Wednesday, December 2, 2009

Portraits and Observations: The Essays of Truman Capote

It seems that in the past few years Truman Capote has transcended his status as a writer. The subject of two biopics (Capote and Infamous, released in 2005 and 2006, respectively), Capote also threw the famous Black and White Ball that was the topic of a recent book (Deborah Davis’ Party of the Century: The Fabulous Story of Truman Capote and His Black and White Ball). This recent Capote-mania has sealed his status as cultural icon, a position that isn’t dependent on his literary output, which gets a re-examination in Portraits and Observations: The Essays of Truman Capote.

Released in late 2007, the book is a collection of all the essays Capote ever published, some of which haven’t been released since their initial publication. The book seems to be an attempt to revive Capote’s reputation as a serious writer, and though hardly successful overall, some of the essays are a delight to read.

The chronological arrangement of Portraits and Observations traces the arc of Capote’s writing career. His body of work undergoes a distinct change around the time of In Cold Blood’s publication in 1966 — early pieces that are bright and promising give way to weary essays that miss their mark. Capote’s writing, like his life, peaked with In Cold Blood, a novel that drove him to drink and resulted in a steady decline in literary success.

The essay topics in Portraits and Observations are wide-ranging — everything from travel snapshots to meditations on celebrities to Capote himself comes under his discerning eye. His writing is descriptive and rich, and his slightly longer observations are the best examples of his nonfiction writing, suggesting that it generally takes more works for Capote to successfully present his subjects — despite believing himself to be a “spare” writer.

A snippet of “Self-Portrait” explains Capote’s seeming arrogance in his work:
Honestly, I don’t give a damn what anybody says about me, either privately or in print. Of course, that was not true when I was young and first began to publish. And it is not true now on one count — a betrayal of affection can still traumatically disturb me. Otherwise, defeat and criticism are matters of indifference, remote as the mountains of the moon.
A number of the 42 pieces are fine examples of what Capote can do, but there are also some that are simply frivolous — self-interviews with Capote give us insight into his psyche, but don’t do much to help his literary reputation. The same is true with brief snippets culled from a book he did with Richard Avedon — these “portraits” don’t really say anything about their subjects (on director John Huston — “He is a man of obsessions rather than passions, and a romantic cynic who believes that all endeavor, virtuous or evil or simply plodding, receives the same honorarium: a check in the amount of zero.”)

A later highlight is “Handmade Coffins,” Capote’s “nonfiction account of an American crime” from 1979, written as an interview and achieving the narrative voice that Capote seems to lose sight of as time passes.
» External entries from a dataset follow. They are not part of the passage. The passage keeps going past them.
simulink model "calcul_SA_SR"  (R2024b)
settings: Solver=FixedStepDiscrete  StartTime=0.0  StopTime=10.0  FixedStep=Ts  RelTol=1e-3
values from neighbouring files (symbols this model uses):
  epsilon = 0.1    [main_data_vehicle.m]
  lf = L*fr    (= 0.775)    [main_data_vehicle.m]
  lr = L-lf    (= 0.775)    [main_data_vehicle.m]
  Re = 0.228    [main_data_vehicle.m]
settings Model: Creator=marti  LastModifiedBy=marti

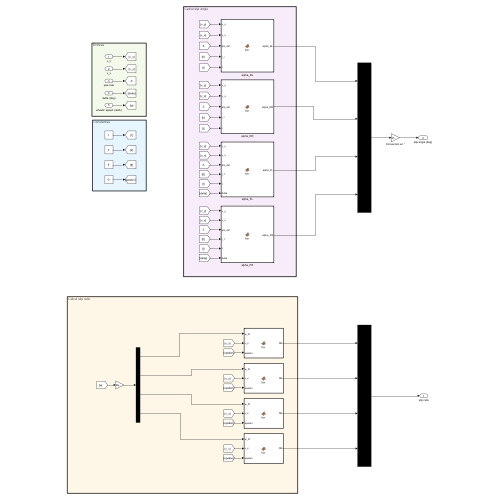
[thumbnail: Simulink's stored preview of the top-level diagram]
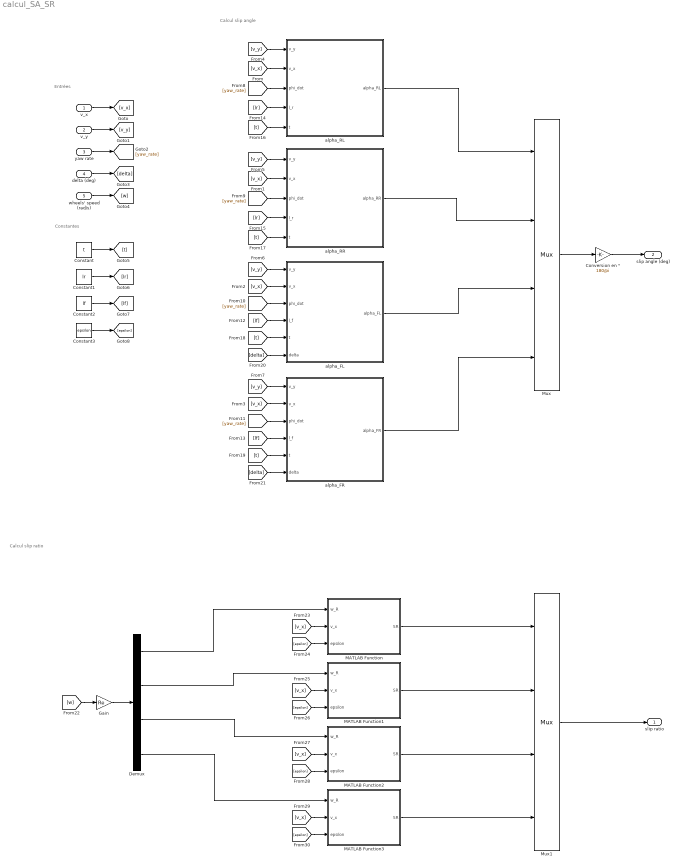
== system calcul_SA_SR ==
  note: Calcul slip ratio
  note: Calcul slip angle
  note: Constantes
  note: Entrées
  v_x : Inport
  v_y : Inport  Port=2
  yaw rate : Inport  Port=3
  delta (deg) : Inport  Port=4
  wheels' speed (rad/s) : Inport  Port=5
  Constant : Constant  Value=t
  Constant1 : Constant  Value=lr
  Constant2 : Constant  Value=lf
  Constant3 : Constant  Value=epsilon
  Conversion en ° : Gain  Gain=180/pi
  Demux : Demux
  Gain : Gain  Gain=Re
  MATLAB Function : MATLAB Function  TreatAsAtomicUnit=on
  MATLAB Function1 : MATLAB Function  TreatAsAtomicUnit=on
  MATLAB Function2 : MATLAB Function  TreatAsAtomicUnit=on
  MATLAB Function3 : MATLAB Function  TreatAsAtomicUnit=on
  Mux : Mux
  Mux1 : Mux
  alpha_FL : MATLAB Function  TreatAsAtomicUnit=on
  alpha_FR : MATLAB Function  TreatAsAtomicUnit=on
  alpha_RL : MATLAB Function  TreatAsAtomicUnit=on
  alpha_RR : MATLAB Function  TreatAsAtomicUnit=on
  slip ratio : Outport
  slip angle (deg) : Outport  Port=2
  wires:
  v_x/1 -> [v_x]
  v_y/1 -> [v_y]
  yaw rate/1 -> [yaw_rate]
  delta (deg)/1 -> [delta]
  wheels' speed (rad/s)/1 -> [w]
  Constant/1 -> [t]
  Constant1/1 -> [lr]
  Constant2/1 -> [lf]
  [v_x] -> alpha_RL/2(v_x)
  [v_x] -> alpha_RR/2(v_x)
  [v_x] -> alpha_FL/2(v_x)
  [v_x] -> alpha_FR/2(v_x)
  [v_y] -> alpha_RL/1(v_y)
  [v_y] -> alpha_RR/1(v_y)
  [v_y] -> alpha_FL/1(v_y)
  [v_y] -> alpha_FR/1(v_y)
  [yaw_rate] -> alpha_RL/3(phi_dot)
  [yaw_rate] -> alpha_RR/3(phi_dot)
  [yaw_rate] -> alpha_FL/3(phi_dot)
  [yaw_rate] -> alpha_FR/3(phi_dot)
  [lf] -> alpha_FL/4(l_f)
  [lf] -> alpha_FR/4(l_f)
  [lr] -> alpha_RL/4(l_r)
  [lr] -> alpha_RR/4(l_r)
  [t] -> alpha_RL/5(t)
  [t] -> alpha_RR/5(t)
  [t] -> alpha_FL/5(t)
  [t] -> alpha_FR/5(t)
  [delta] -> alpha_FL/6(delta)
  [delta] -> alpha_FR/6(delta)
  alpha_RR/1(alpha_RR) -> Mux/2
  alpha_FL/1(alpha_FL) -> Mux/3
  alpha_FR/1(alpha_FR) -> Mux/4
  alpha_RL/1(alpha_RL) -> Mux/1
  Mux/1 -> Conversion en °/1
  Conversion en °/1 -> slip angle (deg)/1
  [w] -> Gain/1
  Gain/1 -> Demux/1
  [v_x] -> MATLAB Function/2(v_x)
  Constant3/1 -> [epsilon]
  [epsilon] -> MATLAB Function/3(epsilon)
  [v_x] -> MATLAB Function1/2(v_x)
  [epsilon] -> MATLAB Function1/3(epsilon)
  [v_x] -> MATLAB Function2/2(v_x)
  [epsilon] -> MATLAB Function2/3(epsilon)
  [epsilon] -> MATLAB Function3/3(epsilon)
  [v_x] -> MATLAB Function3/2(v_x)
  Demux/2 -> MATLAB Function1/1(w_R)
  Demux/3 -> MATLAB Function2/1(w_R)
  Demux/1 -> MATLAB Function/1(w_R)
  Demux/4 -> MATLAB Function3/1(w_R)
  MATLAB Function1/1(SR) -> Mux1/2
  MATLAB Function2/1(SR) -> Mux1/3
  MATLAB Function/1(SR) -> Mux1/1
  MATLAB Function3/1(SR) -> Mux1/4
  Mux1/1 -> slip ratio/1

== matlab function calcul_SA_SR/alpha_RR ==
  data: v_y input; alpha_RR output; v_x input; phi_dot input; l_r input; t input
function alpha_RR = fcn(v_y,v_x,phi_dot,l_r,t)

alpha_RR = (v_y-phi_dot*l_r)/(v_x+phi_dot*t/2);
end

== matlab function calcul_SA_SR/alpha_RL ==
  data: v_y input; alpha_RL output; v_x input; phi_dot input; l_r input; t input
function alpha_RL = fcn(v_y,v_x,phi_dot,l_r,t)

alpha_RL = (v_y-phi_dot*l_r)/(v_x-phi_dot*t/2);
end

== matlab function calcul_SA_SR/alpha_FL ==
  data: v_y input; alpha_FL output; v_x input; phi_dot input; l_f input; t input; delta input
function alpha_FL = fcn(v_y,v_x,phi_dot,l_f,t,delta)

alpha_FL = (v_y+phi_dot*l_f)/(v_x-phi_dot*t/2) - delta*pi/180;
end

== matlab function calcul_SA_SR/alpha_FR ==
  data: v_y input; alpha_FR output; v_x input; phi_dot input; l_f input; t input; delta input
function alpha_FR = fcn(v_y,v_x,phi_dot,l_f,t,delta)

alpha_FR = (v_y+phi_dot*l_f)/(v_x+phi_dot*t/2) - delta*pi/180;
end

== matlab function calcul_SA_SR/MATLAB Function ==
  data: w_R input; SR output; v_x input; epsilon input
function SR = fcn(w_R,v_x,epsilon)

SR=(w_R-v_x)/(v_x+epsilon);

== matlab function calcul_SA_SR/MATLAB Function1 ==
  data: w_R input; SR output; v_x input; epsilon input
function SR = fcn(w_R,v_x,epsilon)

SR=(w_R-v_x)/(v_x+epsilon);

== matlab function calcul_SA_SR/MATLAB Function2 ==
  data: w_R input; SR output; v_x input; epsilon input
function SR = fcn(w_R,v_x,epsilon)

SR=(w_R-v_x)/(v_x+epsilon);

== matlab function calcul_SA_SR/MATLAB Function3 ==
  data: w_R input; SR output; v_x input; epsilon input
function SR = fcn(w_R,v_x,epsilon)

SR=(w_R-v_x)/(v_x+epsilon);

Other compelling pieces are “Lola,” a story about Capote’s pet raven, and the famous 1956 profile of Marlon Brando, whom Capote meets at a hotel in Kyoto.

Portraits and Observations begins with a look at New Orleans, where he was born, and leads into essays about a New York and Brooklyn that seem to be indistinguishable from the Southern city. The book closes with “Remembering Willa Cather,” which Capote wrote the day before his death in 1984, and touches on his relatives in New Orleans and Alabama. Each of his writings is imbued with an inescapable nostalgia for the South — despite calling the Big Apple his city, his writings suggest that the tormented writer never really left his bittersweet childhood behind.